One excursion I took outside of Trinidad was on an old steam train (dating back to 1906) through The Valley of the Sugar Mills, or Valle de los Ingenios, part of the Trinidad World Heritage Site. A visit through this valley represents the importance of the sugar industry to the Cuban economy. There are actually three interconnected valleys: San Luis, Santa Rosa, and Meyer, centres for sugar production from the late 1700s until the late 19th century. At the peak of production there were over fifty sugar cane mills operating in the three valleys.

It’s estimated that some 80,000 Africans were brought to Cuba to work specifically on these sugar-producing farms during that time period.

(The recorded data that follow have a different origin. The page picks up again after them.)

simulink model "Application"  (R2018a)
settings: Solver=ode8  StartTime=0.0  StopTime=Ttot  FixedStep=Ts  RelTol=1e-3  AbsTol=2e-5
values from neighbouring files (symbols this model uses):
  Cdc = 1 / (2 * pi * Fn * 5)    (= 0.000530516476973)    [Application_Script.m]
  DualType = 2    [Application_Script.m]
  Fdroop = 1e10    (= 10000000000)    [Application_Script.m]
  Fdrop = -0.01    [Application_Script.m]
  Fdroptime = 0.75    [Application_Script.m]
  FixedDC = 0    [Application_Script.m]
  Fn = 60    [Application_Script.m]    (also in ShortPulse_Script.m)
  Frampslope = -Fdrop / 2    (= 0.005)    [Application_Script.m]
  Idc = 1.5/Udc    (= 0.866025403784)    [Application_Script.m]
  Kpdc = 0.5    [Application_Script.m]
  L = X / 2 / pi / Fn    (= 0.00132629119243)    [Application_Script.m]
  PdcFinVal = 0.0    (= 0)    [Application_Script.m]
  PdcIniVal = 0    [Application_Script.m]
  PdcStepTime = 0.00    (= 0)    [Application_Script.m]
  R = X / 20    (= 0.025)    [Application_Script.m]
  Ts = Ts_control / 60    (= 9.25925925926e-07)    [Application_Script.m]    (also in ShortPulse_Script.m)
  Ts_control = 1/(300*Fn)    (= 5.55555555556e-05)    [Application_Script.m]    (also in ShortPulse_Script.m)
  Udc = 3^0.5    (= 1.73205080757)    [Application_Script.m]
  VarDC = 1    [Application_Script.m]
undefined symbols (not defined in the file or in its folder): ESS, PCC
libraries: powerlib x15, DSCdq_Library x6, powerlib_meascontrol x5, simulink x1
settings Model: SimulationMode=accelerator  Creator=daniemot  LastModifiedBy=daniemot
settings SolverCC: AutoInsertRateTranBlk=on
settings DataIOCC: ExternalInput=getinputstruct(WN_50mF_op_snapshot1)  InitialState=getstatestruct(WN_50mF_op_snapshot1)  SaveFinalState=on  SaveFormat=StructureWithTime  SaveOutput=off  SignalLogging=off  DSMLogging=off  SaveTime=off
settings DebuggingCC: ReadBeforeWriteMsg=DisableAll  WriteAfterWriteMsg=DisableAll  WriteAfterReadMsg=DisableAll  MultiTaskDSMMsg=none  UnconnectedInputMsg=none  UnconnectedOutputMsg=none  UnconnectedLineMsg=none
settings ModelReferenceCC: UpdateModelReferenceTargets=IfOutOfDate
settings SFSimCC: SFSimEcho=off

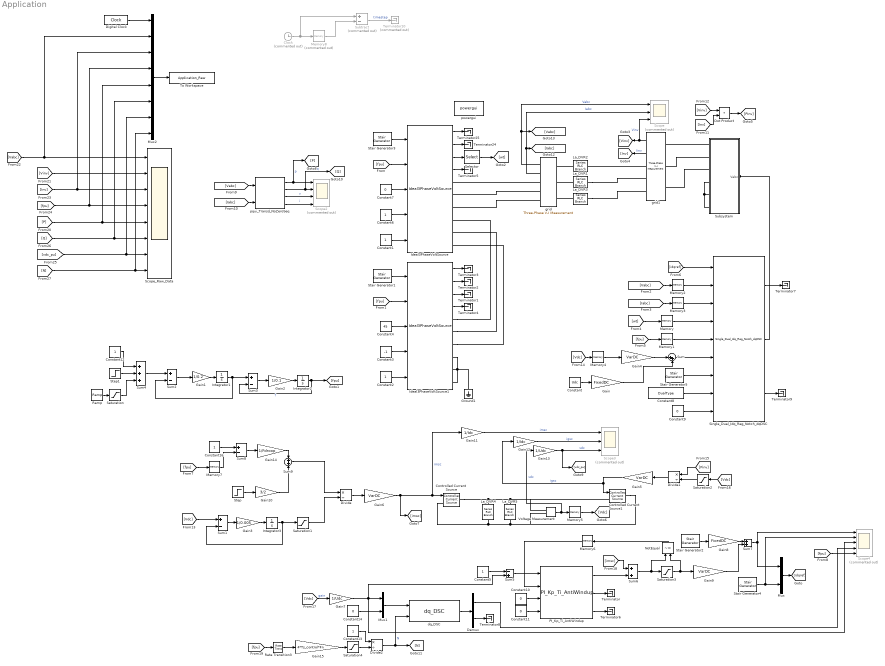
== system Application ==
  Clock : Clock  Commented=on
  Constant : Constant  Value=Udc
  Constant{1..2,5..6,12..13,16} (7 alike) : Constant
  Constant{7,9..11,14} (5 alike) : Constant  Value=0
  Constant3 : Constant  Value=-1
  Constant4 : Constant  Value=45
  Constant8 : Constant  Value=DualType
  Controlled Current Source : powerlib/Electrical Sources/Controlled Current Source  Initialize=on  Source_Type=AC  Amplitude=0  Phase=0  Frequency=0  Measurements=None
  Controlled Current Source1 : powerlib/Electrical Sources/Controlled Current Source  Initialize=on  Source_Type=AC  Amplitude=0  Phase=0  Frequency=0  Measurements=None
  Demux : Demux  Outputs=2
  Digital Clock : DigitalClock  SampleTime=Ts_control
  Divide : Product  Inputs=*/
  Divide1 : Product  Inputs=*/
  Divide2 : Product  Inputs=*/
  Dot Product : DotProduct  InputSameDT=on  OutDataTypeStr=Inherit: Inherit via internal rule
  Gain : Gain  Gain=FixedDC
  Gain1 : Gain  Gain=1/0.2
  Gain10 : Gain  Gain=3/2
  Gain11 : Gain  Gain=1/Idc
  Gain12 : Gain  Gain=1/Idc
  Gain13 : Gain  Gain=1/Udc
  Gain14 : Gain  Gain=1/Fdroop
  Gain15 : Gain  Gain=4*Ts_control*Fn
  Gain2 : Gain  Gain=1/0.1
  Gain3 : Gain  Gain=1/0.005
  Gain{4..6,9} (4 alike) : Gain  Gain=VarDC
  Gain7 : Gain  Gain=1/Udc
  Gain8 : Gain  Gain=FixedDC
  Ground1 : powerlib/Elements/Ground  LConnTagsString=a
  Ideal3PhaseVoltSource : DSCdq_Library/Ideal3PhaseVoltSource  BaseAmp=1  fn=Fn
  Ideal3PhaseVoltSource1 : DSCdq_Library/Ideal3PhaseVoltSource  BaseAmp=1  fn=Fn
  Integrator1 : Integrator  InitialCondition=1
  Integrator2 : Integrator  InitialCondition=1
  Integrator3 : Integrator  InitialCondition=Udc
  La_DVR1 : powerlib/Elements/Series RLC Branch  LConnTagsString=__new0  RConnTagsString=__new0  BranchType=RL  Resistance=R  Inductance=L  SetiL0=off  InitialCurrent=0  Capacitance=1.0  Setx0=off  InitialVoltage=0  Measurements=None
  La_DVR2 : powerlib/Elements/Series RLC Branch  LConnTagsString=__new0  RConnTagsString=__new0  BranchType=RL  Resistance=R  Inductance=L  SetiL0=off  InitialCurrent=0  Capacitance=1.0  Setx0=off  InitialVoltage=0  Measurements=None
  La_DVR3 : powerlib/Elements/Series RLC Branch  LConnTagsString=__new0  RConnTagsString=__new0  BranchType=RL  Resistance=R  Inductance=L  SetiL0=off  InitialCurrent=0  Capacitance=1.0  Setx0=off  InitialVoltage=0  Measurements=None
  La_DVR4 : powerlib/Elements/Series RLC Branch  LConnTagsString=__new0  RConnTagsString=__new0  BranchType=C  Resistance=R  Inductance=L  SetiL0=off  InitialCurrent=0  Capacitance=Cdc  Setx0=on  InitialVoltage=Udc  Measurements=None
  La_DVR5 : powerlib/Elements/Series RLC Branch  LConnTagsString=__new0  RConnTagsString=__new0  BranchType=R  Resistance=1e6  Inductance=L  SetiL0=off  InitialCurrent=0  Capacitance=1  Setx0=on  InitialVoltage=1  Measurements=None
  Memory{,2..4,6} (5 alike) : Memory
  Memory1 : Memory  InitialCondition=1
  Memory5 : Memory  InitialCondition=1
  Memory7 : Memory  InitialCondition=1
  Memory8 : Memory  Commented=on
  Mux : Mux  Inputs=2
  Mux1 : Mux  Inputs=2
  Mux2 : Mux  Inputs=8
  NotEqual : RelationalOperator  Operator=~=  OutDataTypeStr=boolean  RndMeth=Simplest
  PI_Kp_Ti_AntiWindup : DSCdq_Library/PI_Kp_Ti_AntiWindup  Ts=Ts_control  Kp=Kpdc  Ti=Tidc  PI_max=1.5  PI_min=-1.5
  Ramp : simulink/Sources/Ramp  slope=Frampslope  start=Framptime  InitialOutput=0
  Rate Transition3 : RateTransition  InitialCondition=1  OutPortSampleTime=Ts_control
  Saturation : Saturate  UpperLimit=abs(Fdrop)  LowerLimit=-abs(Fdrop)
  Saturation1 : Saturate  UpperLimit=Inf  LowerLimit=1e-6
  Saturation2 : Saturate  UpperLimit=Inf  LowerLimit=1e-6
  Saturation3 : Saturate  UpperLimit=1.5  LowerLimit=-1.5
  Saturation4 : Saturate  UpperLimit=inf  LowerLimit=0.000001
  Scope : Scope  Commented=on  NumInputPorts=3
  Scope2 : Scope  Commented=on  NumInputPorts=4
  Scope3 : Scope  Commented=on  NumInputPorts=3
  Scope4 : Scope  Commented=on  NumInputPorts=5
  Scope_Raw_Data : Scope  NumInputPorts=8
  Selector : Selector  InputPortWidth=3  IndexOptions=Index vector (dialog)  Indices=[1]  OutputSizes=1
  Single_Dual_Idq_Reg_Notch_dqDSC : DSCdq_Library/Single_Dual_Idq_Reg_Notch_dqDSC  Ts=Ts_control  fgrid=Fn  fmin=Fmin  zetanotch=zeta  fcutout=Fcutout  PI_Kp=Kp  PI_Ti=Ti  PI_X=X  PI_max=1.5  PI_min=-1.5  PWM_Ts=Ts  PWM_fsw=Fsw  PWM_Uabp=3^0.5  PWM_Ini=90
  Stair Generator1 : powerlib_meascontrol/Pulse & Signal Generators/Stair Generator  t=VnegStepTimes  e=VnegStepValues  Ts=0
      settings: SourceProductName=Simscape Power Systems
  Stair Generator2 : powerlib_meascontrol/Pulse & Signal Generators/Stair Generator  t=IdStepTimes  e=IdStepValues  Ts=0
      settings: SourceProductName=Simscape Power Systems
  Stair Generator3 : powerlib_meascontrol/Pulse & Signal Generators/Stair Generator  t=VposStepTimes  e=VposStepValues  Ts=0
      settings: SourceProductName=Simscape Power Systems
  Stair Generator4 : powerlib_meascontrol/Pulse & Signal Generators/Stair Generator  t=IqStepTimes  e=IqStepValues  Ts=0
      settings: SourceProductName=Simscape Power Systems
  Stair Generator5 : powerlib_meascontrol/Pulse & Signal Generators/Stair Generator  t=EnDualTimes  e=EnDualValues  Ts=0
      settings: SourceProductName=Simscape Power Systems
  Step : Step  Time=PdcStepTime  Before=PdcIniVal  After=PdcFinVal  SampleTime=0
  Step1 : Step  Time=Fdroptime  After=-Fdrop  SampleTime=0
  Subsystem : Subsystem
  Subtract : Sum  Commented=on  Inputs=+-
  Sum : Sum  Inputs=|++
  Sum{1..3,8} (4 alike) : Sum  Inputs=+-
  Sum4 : Sum  Inputs=+++
  Sum5 : Sum  Inputs=-+
  Sum6 : Sum
  Sum7 : Sum
  Sum9 : Sum
  Terminator{,1..9,24..25} (12 alike) : Terminator
  Terminator10 : Terminator  Commented=on
  To Workspace : ToWorkspace  VariableName=Application_Raw  SampleTime=Ts_control
  Voltage Measurement : powerlib/Measurements/Voltage Measurement  PhasorSimulation=off  OutputType=Complex  PSBequivalent=0
  dq_DSC : DSCdq_Library/dq_DSC  Ts=Ts_control  nmax=400
  grid : powerlib/Measurements/Three-Phase V-I Measurement  VoltageMeasurement=phase-to-ground  SetLabelV=off  LabelV=vgrid  Vpu=off  VpuLL=off  CurrentMeasurement=yes  SetLabelI=off  LabelI=igrid  Ipu=off  Pbase=sn  Vbase=uab  OutputType=Complex  PhasorSimulation=off  PSBequivalent=0
  grid1 : powerlib/Measurements/Three-Phase V-I Measurement  VoltageMeasurement=phase-to-ground  SetLabelV=off  LabelV=vconv  Vpu=off  VpuLL=off  CurrentMeasurement=yes  SetLabelI=off  LabelI=iconv  Ipu=off  Pbase=sn  Vbase=uab  OutputType=Complex  PhasorSimulation=off  PSBequivalent=0
  powergui : powerlib/powergui  Priority=1  SimulationMode=Discrete  SampleTime=Ts  frequency=60  Iterations=50  frequencyindice=0  Pbase=100e6  ErrMax=1e-4  UnitsV=kV  UnitsW=MW  buscounter=0  FunctionMessages=off  echomessages=off  EnableUseOfTLC=off  CurrentSourceSwitches=off  DisableSnubberDevices=off  DisableRonSwitches=off  DisableVfSwitches=off  DisplayEquations=off  SolverType=Tustin/Backward Euler (TBE)  Interpol=off  ExternalGateDelay=off  methode=off  Ts=100  x0status=blocks  SPID=off  SwTol=0  HookPort=off  RestoreLinks=warning  ResistiveCurrentMeasurement=off  Frange=[60:1:1600]  Ylog=on  Xlog=on  ShowGrid=on  save=off  variable=ZData  structure=0  ZoomFFT=off  StartTime=0.0  cycles=1  DisplayStyle=1  fundamental=60  FreqAxis=off  MaxFrequency=1000  frequencyindicesteady=1  RmsSteady=1  display=off
  pqui_Transd_NoZeroSeq : DSCdq_Library/pqui_Transd_NoZeroSeq  Sn=3/2  Uanp=1  Iap=1
  wires:
  Constant6/1 -> Ideal3PhaseVoltSource/4
  Constant7/1 -> Ideal3PhaseVoltSource/3
  [fpu] -> Ideal3PhaseVoltSource/2
  Ideal3PhaseVoltSource/3 -> Selector/1
  Ideal3PhaseVoltSource/2 -> Terminator24/1
  Ideal3PhaseVoltSource/1 -> Terminator25/1
  Ideal3PhaseVoltSource/4 -> Terminator5/1
  Stair Generator3/1 -> Ideal3PhaseVoltSource/1
  Constant1/1 -> Ideal3PhaseVoltSource/5
  Integrator2/1 -> Sum3/2, [fpu]  "f"
  Integrator1/1 -> Sum2/2, Sum3/1
  Step1/1 -> Sum4/2
  Gain2/1 -> Integrator2/1
  Sum2/1 -> Gain1/1
  Sum4/1 -> Sum2/1
  Constant12/1 -> Sum4/1
  Ramp/1 -> Saturation/1
  Saturation/1 -> Sum4/3
  Sum3/1 -> Gain2/1
  Gain1/1 -> Integrator1/1
  [fpu] -> Ideal3PhaseVoltSource1/2
  Constant4/1 -> Ideal3PhaseVoltSource1/3
  Ideal3PhaseVoltSource1/2 -> Terminator2/1
  Constant3/1 -> Ideal3PhaseVoltSource1/4
  Ideal3PhaseVoltSource1/1 -> Terminator3/1
  Constant2/1 -> Ideal3PhaseVoltSource1/5
  Stair Generator1/1 -> Ideal3PhaseVoltSource1/1
  Ideal3PhaseVoltSource1/4 -> Terminator4/1
  Ideal3PhaseVoltSource1/3 -> Terminator1/1
  grid/2 -> Scope/2, [Iabc]  "Iabc"
  grid/1 -> Scope/1, [Vabc]  "Vabc"
  grid1/1 -> [Vinv], Scope/3  "Vinv"
  grid1/2 -> [Inv]  "Iinv"
  Stair Generator2/1 -> Gain8/1
  Stair Generator4/1 -> Scope4/2, Mux/2
  Mux/1 -> [idqref]
  [Vabc] -> Memory2/1
  [Iabc] -> Memory3/1
  Selector/1 -> [wt]
  [wt] -> Memory/1
  [fpu] -> Memory1/1
  Sum/1 -> Single_Dual_Idq_Reg_Notch_dqDSC/6
  Stair Generator5/1 -> Single_Dual_Idq_Reg_Notch_dqDSC/7
  Constant8/1 -> Single_Dual_Idq_Reg_Notch_dqDSC/8
  Constant9/1 -> Single_Dual_Idq_Reg_Notch_dqDSC/9
  [idqref] -> Single_Dual_Idq_Reg_Notch_dqDSC/1
  Single_Dual_Idq_Reg_Notch_dqDSC/3 -> Terminator9/1
  Single_Dual_Idq_Reg_Notch_dqDSC/2 -> Subsystem/1(Vabc)
  Single_Dual_Idq_Reg_Notch_dqDSC/1 -> Terminator7/1
  Memory/1 -> Single_Dual_Idq_Reg_Notch_dqDSC/4
  Memory1/1 -> Single_Dual_Idq_Reg_Notch_dqDSC/5
  Memory2/1 -> Single_Dual_Idq_Reg_Notch_dqDSC/2
  Memory3/1 -> Single_Dual_Idq_Reg_Notch_dqDSC/3
  [fpu] -> Scope4/5
  [Vabc] -> pqui_Transd_NoZeroSeq/1
  [Iabc] -> pqui_Transd_NoZeroSeq/2
  pqui_Transd_NoZeroSeq/1 -> [P], Scope2/1  "p"
  pqui_Transd_NoZeroSeq/2 -> [Q], Scope2/2  "q"
  pqui_Transd_NoZeroSeq/3 -> Scope2/3  "v"
  pqui_Transd_NoZeroSeq/4 -> Scope2/4  "i"
  [Vinv] -> Dot Product/1
  [Inv] -> Dot Product/2
  Dot Product/1 -> [Pinv]
  Voltage Measurement/1 -> Gain13/1, Memory5/1  "vdc"
  Sum1/1 -> Gain3/1
  Integrator3/1 -> Saturation1/1, Sum1/2
  Gain3/1 -> Integrator3/1
  Divide/1 -> Gain6/1
  [Vdc] -> Memory4/1
  Constant/1 -> Gain/1
  Memory4/1 -> Gain4/1
  Gain4/1 -> Sum/1
  Gain/1 -> Sum/2
  Divide1/1 -> Gain5/1
  [Pinv] -> Divide1/1
  Saturation2/1 -> Divide1/2
  Gain5/1 -> Gain12/1, Controlled Current Source1/1  "igsc"
  Gain6/1 -> [imsc], Gain11/1, Controlled Current Source/1  "imsc"
  Memory5/1 -> [Vdc]
  [Vdc] -> Gain7/1  "gain"
  Constant5/1 -> Sum5/1
  Sum5/1 -> PI_Kp_Ti_AntiWindup/1
  Constant10/1 -> PI_Kp_Ti_AntiWindup/3
  Constant11/1 -> PI_Kp_Ti_AntiWindup/4
  PI_Kp_Ti_AntiWindup/1 -> Sum6/2
  [imsc] -> Sum6/1
  PI_Kp_Ti_AntiWindup/2 -> Terminator/1
  PI_Kp_Ti_AntiWindup/3 -> Terminator6/1
  Sum6/1 -> NotEqual/1, Saturation3/1
  Saturation3/1 -> Gain9/1, NotEqual/2
  NotEqual/1 -> Memory6/1
  Gain8/1 -> Sum7/1
  Gain9/1 -> Sum7/2
  Sum7/1 -> Scope4/1, Mux/1
  Memory6/1 -> PI_Kp_Ti_AntiWindup/2
  Step/1 -> Gain10/1
  [Vdc] -> Sum1/1
  Gain11/1 -> Scope3/1  "imsc"
  Gain12/1 -> Scope3/2  "igsc"
  Gain13/1 -> [vdc_pu], Scope3/3  "vdc"
  Gain10/1 -> Sum9/2
  Gain15/1 -> Saturation4/1
  Saturation4/1 -> Divide2/2
  Rate Transition3/1 -> Gain15/1
  Constant13/1 -> Divide2/1
  [fpu] -> Rate Transition3/1
  Divide2/1 -> [N], dq_DSC/2  "N"
  Mux1/1 -> dq_DSC/1
  Constant14/1 -> Mux1/2
  Gain7/1 -> Sum5/2, Mux1/1, Scope4/3
  dq_DSC/1 -> Demux/1
  Demux/2 -> Terminator8/1
  Demux/1 -> Scope4/4
  Saturation1/1 -> Divide/2
  Constant16/1 -> Sum8/1
  [fpu] -> Memory7/1
  Memory7/1 -> Sum8/2
  Sum8/1 -> Gain14/1
  Gain14/1 -> Sum9/1
  Sum9/1 -> Divide/1
  [Vabc] -> Mux2/2, Scope_Raw_Data/1
  [Vinv] -> Scope_Raw_Data/2
  [Inv] -> Mux2/3, Scope_Raw_Data/3
  [fpu] -> Mux2/4, Scope_Raw_Data/4
  [P] -> Mux2/5, Scope_Raw_Data/5
  [vdc_pu] -> Mux2/7, Scope_Raw_Data/7
  [Q] -> Mux2/6, Scope_Raw_Data/6
  [N] -> Mux2/8, Scope_Raw_Data/8
  Mux2/1 -> To Workspace/1
  Digital Clock/1 -> Mux2/1
  [Vdc] -> Saturation2/1
  Clock/1 -> Subtract/1, Memory8/1
  Memory8/1 -> Subtract/2
  Subtract/1 -> Terminator10/1  "timestep"
  connections:
  Ideal3PhaseVoltSource1/RConn2 -- Ideal3PhaseVoltSource/RConn5
  Ideal3PhaseVoltSource1/RConn1 -- Ideal3PhaseVoltSource/RConn4
  Ideal3PhaseVoltSource1/RConn3 -- Ideal3PhaseVoltSource/RConn6
  Ideal3PhaseVoltSource1/RConn4 -- Ground1/LConn1 -- Ideal3PhaseVoltSource1/RConn6 -- Ideal3PhaseVoltSource1/RConn5
  grid/RConn1 -- Ideal3PhaseVoltSource/RConn1
  grid/RConn2 -- Ideal3PhaseVoltSource/RConn2
  grid/RConn3 -- Ideal3PhaseVoltSource/RConn3
  La_DVR2/RConn1 -- grid/LConn1
  La_DVR3/RConn1 -- grid/LConn3
  La_DVR1/RConn1 -- grid/LConn2
  Subsystem/RConn5 -- Subsystem/RConn4 -- Subsystem/RConn6
  Subsystem/RConn1 -- grid1/LConn1
  Subsystem/RConn2 -- grid1/LConn2
  Subsystem/RConn3 -- grid1/LConn3
  grid1/RConn1 -- La_DVR2/LConn1
  La_DVR1/LConn1 -- grid1/RConn2
  La_DVR3/LConn1 -- grid1/RConn3
  La_DVR4/LConn1 -- Controlled Current Source/RConn1 -- Controlled Current Source1/LConn1 -- Voltage Measurement/LConn1 -- La_DVR5/LConn1
  La_DVR5/RConn1 -- Controlled Current Source1/RConn1 -- Voltage Measurement/LConn2 -- Controlled Current Source/LConn1 -- La_DVR4/RConn1

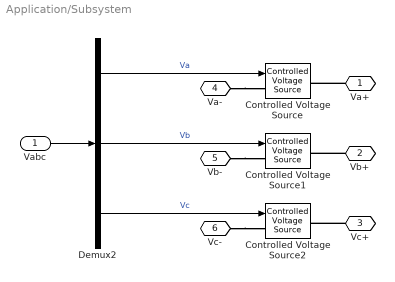
== system Application/Subsystem ==
  Vabc : Inport
  Controlled Voltage Source : powerlib/Electrical Sources/Controlled Voltage Source  Initialize=off  Source_Type=AC  Amplitude=ESS.LSC.Ub*(2/3)^0.5  Phase=0  Frequency=PCC.fn  Measurements=None
  Controlled Voltage Source1 : powerlib/Electrical Sources/Controlled Voltage Source  Initialize=off  Source_Type=AC  Amplitude=ESS.LSC.Ub*(2/3)^0.5  Phase=-120  Frequency=PCC.fn  Measurements=None
  Controlled Voltage Source2 : powerlib/Electrical Sources/Controlled Voltage Source  Initialize=off  Source_Type=AC  Amplitude=ESS.LSC.Ub*(2/3)^0.5  Phase=120  Frequency=PCC.fn  Measurements=None
  Demux2 : Demux  Outputs=3
  Va+ : PMIOPort  Side=Right
  Vb+ : PMIOPort  Port=2  Side=Right
  Vc+ : PMIOPort  Port=3  Side=Right
  Va- : PMIOPort  Port=4  Side=Right
  Vb- : PMIOPort  Port=5  Side=Right
  Vc- : PMIOPort  Port=6  Side=Right
  wires:
  Demux2/1 -> Controlled Voltage Source/1  "Va"
  Demux2/2 -> Controlled Voltage Source1/1  "Vb"
  Demux2/3 -> Controlled Voltage Source2/1  "Vc"
  Vabc/1 -> Demux2/1
  connections:
  Va-/RConn1 -- Controlled Voltage Source/LConn1
  Va+/RConn1 -- Controlled Voltage Source/RConn1
  Vb-/RConn1 -- Controlled Voltage Source1/LConn1
  Vc-/RConn1 -- Controlled Voltage Source2/LConn1
  Vb+/RConn1 -- Controlled Voltage Source1/RConn1
  Vc+/RConn1 -- Controlled Voltage Source2/RConn1

Highlights of the trip included a visit to the Manaca plantation whose owner, Iznaga, was one of the wealthiest plantation owners during the colonial period. While there, one can climb to the top of the Iznaga watchtower, a 45 metres high tower constructed sometime in 1816 by the owner. From this Tower are wonderful views of the surrounding countryside, including a view of what was the owner’s house (now a restaurant), also below are views of local women selling beautifully hand embroidered table cloths.

Also along the way we stopped at an abandoned sugar mill (where you take a self-guided tour) and then to Hacienda Guachinango for lunch.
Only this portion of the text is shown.